The Wall Street Journal is reporting that details can emerge about a joint venture for mobile payments as early as today, Tuesday. The joint venture is formed by a coalition of wireless carriers in the U.S.–T-Mobile, Verizon Wireless, and AT&T–and also credit card issuers Discover and Barclays PLC.
The venture will be led by former GE Capital marketing head Michael Abbott, who provides a neutral role from not being involved with any of the carriers.
While mobile payments–using cell phones to pay for goods–have existed for years in other countries, the system has not gained momentum in the past in the U.S. Now, with the emerging role of smartphones and the rising trend towards convergence, cell phone carriers are looking at ways to integrate cellular devices into more aspects of life. In the case of mobile payments, carriers are hoping that users will want to forego their wallets filled with plastic credit cards and currencies in favor of paying for goods with cell phones.
Companies are experimenting with a number of payment methods. One method is through the use of NFC chips, or near-field communication chips. With embedded NFC chips inside a phone or phone case, users can either tap or wave their phones in front of an NFC reader and pay for goods that way rather than having to swipe a credit or debit card. Another method, which AT&T is experimenting with, involves carrier billing. Like single log-ins such as Amazon’s or Paypal’s single ID, users can pay for online goods with their cell phone number and charges will appear on their phone bills.
While cell phone carriers are experimenting with mobile-payments, credit card issuers are doing the same with their own trials. Visa, American Express, and MasterCard are all playing with different ideas to capitalize on the market, which may or may not include cell phone carriers themselves. In the case of credit card issuers, if they can get an NFC chip in a cell phone case, memory card, or cell phone, and link it with a credit account, charges can connect that way, similar to linking a credit card number with an account.
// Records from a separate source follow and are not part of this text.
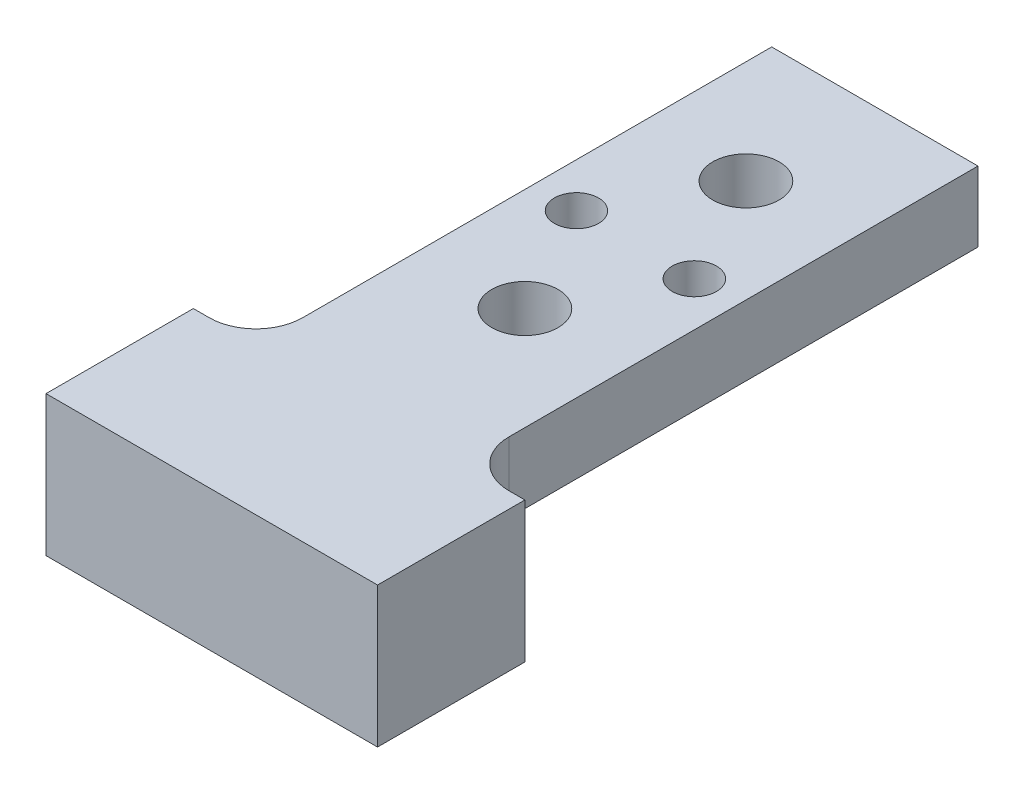
ISO-10303-21;
HEADER;
FILE_DESCRIPTION(('STEP AP214'),'2;1');
FILE_NAME('part.step','',(''),(''),'','','');
FILE_SCHEMA(('AUTOMOTIVE_DESIGN { 1 0 10303 214 1 1 1 1 }'));
ENDSEC;
DATA;
#1=APPLICATION_CONTEXT('core data for automotive mechanical design processes');
#2=APPLICATION_PROTOCOL_DEFINITION('international standard','automotive_design',2000,#1);
#3=PRODUCT_CONTEXT('',#1,'mechanical');
#4=PRODUCT('Part','Part','',(#3));
#5=PRODUCT_RELATED_PRODUCT_CATEGORY('part','',(#4));
#6=PRODUCT_DEFINITION_FORMATION('','',#4);
#7=PRODUCT_DEFINITION_CONTEXT('part definition',#1,'design');
#8=PRODUCT_DEFINITION('design','',#6,#7);
#9=PRODUCT_DEFINITION_SHAPE('','',#8);
#10=(LENGTH_UNIT() NAMED_UNIT(*) SI_UNIT(.MILLI.,.METRE.));
#11=(NAMED_UNIT(*) PLANE_ANGLE_UNIT() SI_UNIT($,.RADIAN.));
#12=(NAMED_UNIT(*) SI_UNIT($,.STERADIAN.) SOLID_ANGLE_UNIT());
#13=UNCERTAINTY_MEASURE_WITH_UNIT(LENGTH_MEASURE(1.E-05),#10,'distance_accuracy_value','');
#14=(GEOMETRIC_REPRESENTATION_CONTEXT(3) GLOBAL_UNCERTAINTY_ASSIGNED_CONTEXT((#13)) GLOBAL_UNIT_ASSIGNED_CONTEXT((#10,
#11,#12)) REPRESENTATION_CONTEXT('',''));
#15=CARTESIAN_POINT('',(0.,0.,0.));
#16=DIRECTION('',(0.,0.,1.));
#17=DIRECTION('',(1.,0.,0.));
#18=AXIS2_PLACEMENT_3D('',#15,#16,#17);
#19=CARTESIAN_POINT('',(-22.5,9.525,-45.));
#20=DIRECTION('',(1.,0.,0.));
#21=DIRECTION('',(0.,0.,-1.));
#22=AXIS2_PLACEMENT_3D('',#19,#20,#21);
#23=PLANE('',#22);
#24=DIRECTION('',(0.,0.,1.));
#25=VECTOR('',#24,1.);
#26=CARTESIAN_POINT('',(-22.5,9.525,-45.));
#27=LINE('',#26,#25);
#28=CARTESIAN_POINT('',(-22.5,9.525,25.));
#29=VERTEX_POINT('',#28);
#30=CARTESIAN_POINT('',(-22.5,9.525,45.));
#31=VERTEX_POINT('',#30);
#32=EDGE_CURVE('E150',#29,#31,#27,.T.);
#33=ORIENTED_EDGE('',*,*,#32,.F.);
#34=DIRECTION('',(0.,-1.,0.));
#35=VECTOR('',#34,1.);
#36=CARTESIAN_POINT('',(-22.5,-9.52500000000001,25.));
#37=LINE('',#36,#35);
#38=CARTESIAN_POINT('',(-22.5,-9.52500000000001,25.));
#39=VERTEX_POINT('',#38);
#40=EDGE_CURVE('E198',#29,#39,#37,.T.);
#41=ORIENTED_EDGE('',*,*,#40,.T.);
#42=DIRECTION('',(0.,0.,1.));
#43=VECTOR('',#42,1.);
#44=CARTESIAN_POINT('',(-22.5,-9.525,-45.));
#45=LINE('',#44,#43);
#46=CARTESIAN_POINT('',(-22.5,-9.525,45.));
#47=VERTEX_POINT('',#46);
#48=EDGE_CURVE('E143',#39,#47,#45,.T.);
#49=ORIENTED_EDGE('',*,*,#48,.T.);
#50=DIRECTION('',(0.,-1.,0.));
#51=VECTOR('',#50,1.);
#52=CARTESIAN_POINT('',(-22.5,9.525,45.));
#53=LINE('',#52,#51);
#54=EDGE_CURVE('E136',#31,#47,#53,.T.);
#55=ORIENTED_EDGE('',*,*,#54,.F.);
#56=EDGE_LOOP('',(#33,#41,#49,#55));
#57=FACE_BOUND('',#56,.T.);
#58=ADVANCED_FACE('F34',(#57),#23,.F.);
#59=CARTESIAN_POINT('',(-22.5,9.525,45.));
#60=DIRECTION('',(0.,0.,-1.));
#61=DIRECTION('',(-1.,0.,0.));
#62=AXIS2_PLACEMENT_3D('',#59,#60,#61);
#63=PLANE('',#62);
#64=DIRECTION('',(1.,0.,0.));
#65=VECTOR('',#64,1.);
#66=CARTESIAN_POINT('',(-22.5,-9.525,45.));
#67=LINE('',#66,#65);
#68=CARTESIAN_POINT('',(22.5,-9.525,45.));
#69=VERTEX_POINT('',#68);
#70=EDGE_CURVE('E145',#47,#69,#67,.T.);
#71=ORIENTED_EDGE('',*,*,#70,.T.);
#72=DIRECTION('',(0.,-1.,0.));
#73=VECTOR('',#72,1.);
#74=CARTESIAN_POINT('',(22.5,9.525,45.));
#75=LINE('',#74,#73);
#76=CARTESIAN_POINT('',(22.5,9.525,45.));
#77=VERTEX_POINT('',#76);
#78=EDGE_CURVE('E132',#77,#69,#75,.T.);
#79=ORIENTED_EDGE('',*,*,#78,.F.);
#80=DIRECTION('',(1.,0.,0.));
#81=VECTOR('',#80,1.);
#82=CARTESIAN_POINT('',(-22.5,9.525,45.));
#83=LINE('',#82,#81);
#84=EDGE_CURVE('E139',#31,#77,#83,.T.);
#85=ORIENTED_EDGE('',*,*,#84,.F.);
#86=ORIENTED_EDGE('',*,*,#54,.T.);
#87=EDGE_LOOP('',(#71,#79,#85,#86));
#88=FACE_BOUND('',#87,.T.);
#89=ADVANCED_FACE('F215',(#88),#63,.F.);
#90=CARTESIAN_POINT('',(22.5,9.525,-45.));
#91=DIRECTION('',(-1.,0.,0.));
#92=DIRECTION('',(0.,0.,1.));
#93=AXIS2_PLACEMENT_3D('',#90,#91,#92);
#94=PLANE('',#93);
#95=DIRECTION('',(0.,-1.,0.));
#96=VECTOR('',#95,1.);
#97=CARTESIAN_POINT('',(22.5,-9.52500000000001,25.));
#98=LINE('',#97,#96);
#99=CARTESIAN_POINT('',(22.5,9.525,25.));
#100=VERTEX_POINT('',#99);
#101=CARTESIAN_POINT('',(22.5,-9.525,25.));
#102=VERTEX_POINT('',#101);
#103=EDGE_CURVE('E197',#100,#102,#98,.T.);
#104=ORIENTED_EDGE('',*,*,#103,.F.);
#105=DIRECTION('',(0.,0.,-1.));
#106=VECTOR('',#105,1.);
#107=CARTESIAN_POINT('',(22.5,9.525,-45.));
#108=LINE('',#107,#106);
#109=EDGE_CURVE('E133',#77,#100,#108,.T.);
#110=ORIENTED_EDGE('',*,*,#109,.F.);
#111=ORIENTED_EDGE('',*,*,#78,.T.);
#112=DIRECTION('',(0.,0.,-1.));
#113=VECTOR('',#112,1.);
#114=CARTESIAN_POINT('',(22.5,-9.525,-45.));
#115=LINE('',#114,#113);
#116=EDGE_CURVE('E148',#69,#102,#115,.T.);
#117=ORIENTED_EDGE('',*,*,#116,.T.);
#118=EDGE_LOOP('',(#104,#110,#111,#117));
#119=FACE_BOUND('',#118,.T.);
#120=ADVANCED_FACE('F220',(#119),#94,.F.);
#121=CARTESIAN_POINT('',(-22.5,9.525,-45.));
#122=DIRECTION('',(0.,0.,1.));
#123=DIRECTION('',(1.,0.,0.));
#124=AXIS2_PLACEMENT_3D('',#121,#122,#123);
#125=PLANE('',#124);
#126=DIRECTION('',(-1.,0.,0.));
#127=VECTOR('',#126,1.);
#128=CARTESIAN_POINT('',(-22.5,9.525,-45.));
#129=LINE('',#128,#127);
#130=CARTESIAN_POINT('',(14.,9.525,-45.));
#131=VERTEX_POINT('',#130);
#132=CARTESIAN_POINT('',(-14.,9.525,-45.));
#133=VERTEX_POINT('',#132);
#134=EDGE_CURVE('E125',#131,#133,#129,.T.);
#135=ORIENTED_EDGE('',*,*,#134,.F.);
#136=DIRECTION('',(0.,1.,0.));
#137=VECTOR('',#136,1.);
#138=CARTESIAN_POINT('',(14.,-9.52500000000001,-45.));
#139=LINE('',#138,#137);
#140=CARTESIAN_POINT('',(14.,0.,-45.));
#141=VERTEX_POINT('',#140);
#142=EDGE_CURVE('E111',#141,#131,#139,.T.);
#143=ORIENTED_EDGE('',*,*,#142,.F.);
#144=DIRECTION('',(1.,0.,0.));
#145=VECTOR('',#144,1.);
#146=CARTESIAN_POINT('',(-22.5,0.,-45.));
#147=LINE('',#146,#145);
#148=CARTESIAN_POINT('',(-14.,0.,-45.));
#149=VERTEX_POINT('',#148);
#150=EDGE_CURVE('E201',#149,#141,#147,.T.);
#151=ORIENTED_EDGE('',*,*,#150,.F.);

Various cell phone makers are also planning on broader NFC integration. Nokia has been integrating NFC in select handsets for years, and now the technology may make it to more Nokia smartphones. Research in Motion is said to be integrating NFC into its next-generation BlackBerry smartphones to be released next year. Google’s chief showed off an NFC-equipped Nexus S at the Web 2.0 Summit, and Apple may have its own plans for NFC and mobile payment considering the company already has credit cards tied to user’s iTunes accounts. A recent Apple patent also shows off an NFC-equipped iPhone having the capability to talk to nearby Macs to load up saved OS X settings from your home so you can re-create your desktop with settings, wallpapers, and preferences on a near-by Mac when you’re away from home.
With all the technology maturing, the question remains now on who will control the revenues, how will costs be divided, and what liabilities are there and who will shoulder them. With titans in the telco business and the banking business working side-by-side, these issues must be ironed out before we can see a mobile payment plan being rolled out.
With cell phones being so accessible, I’m really wondering if this will lead Americans to a new era of debt. Credit cards have been blamed as a cause of debt; as swiping a credit card already doesn’t feel like spending cash making impulsive purchases all that much more easier, would waving a cell phone in front of an NFC scanner be even less like cash and lead to more consumption? One thing’s for sure–losing a cell phone will be as painful as losing the equivalent of a mobile computer and your wallet in the digital world of tomorrow.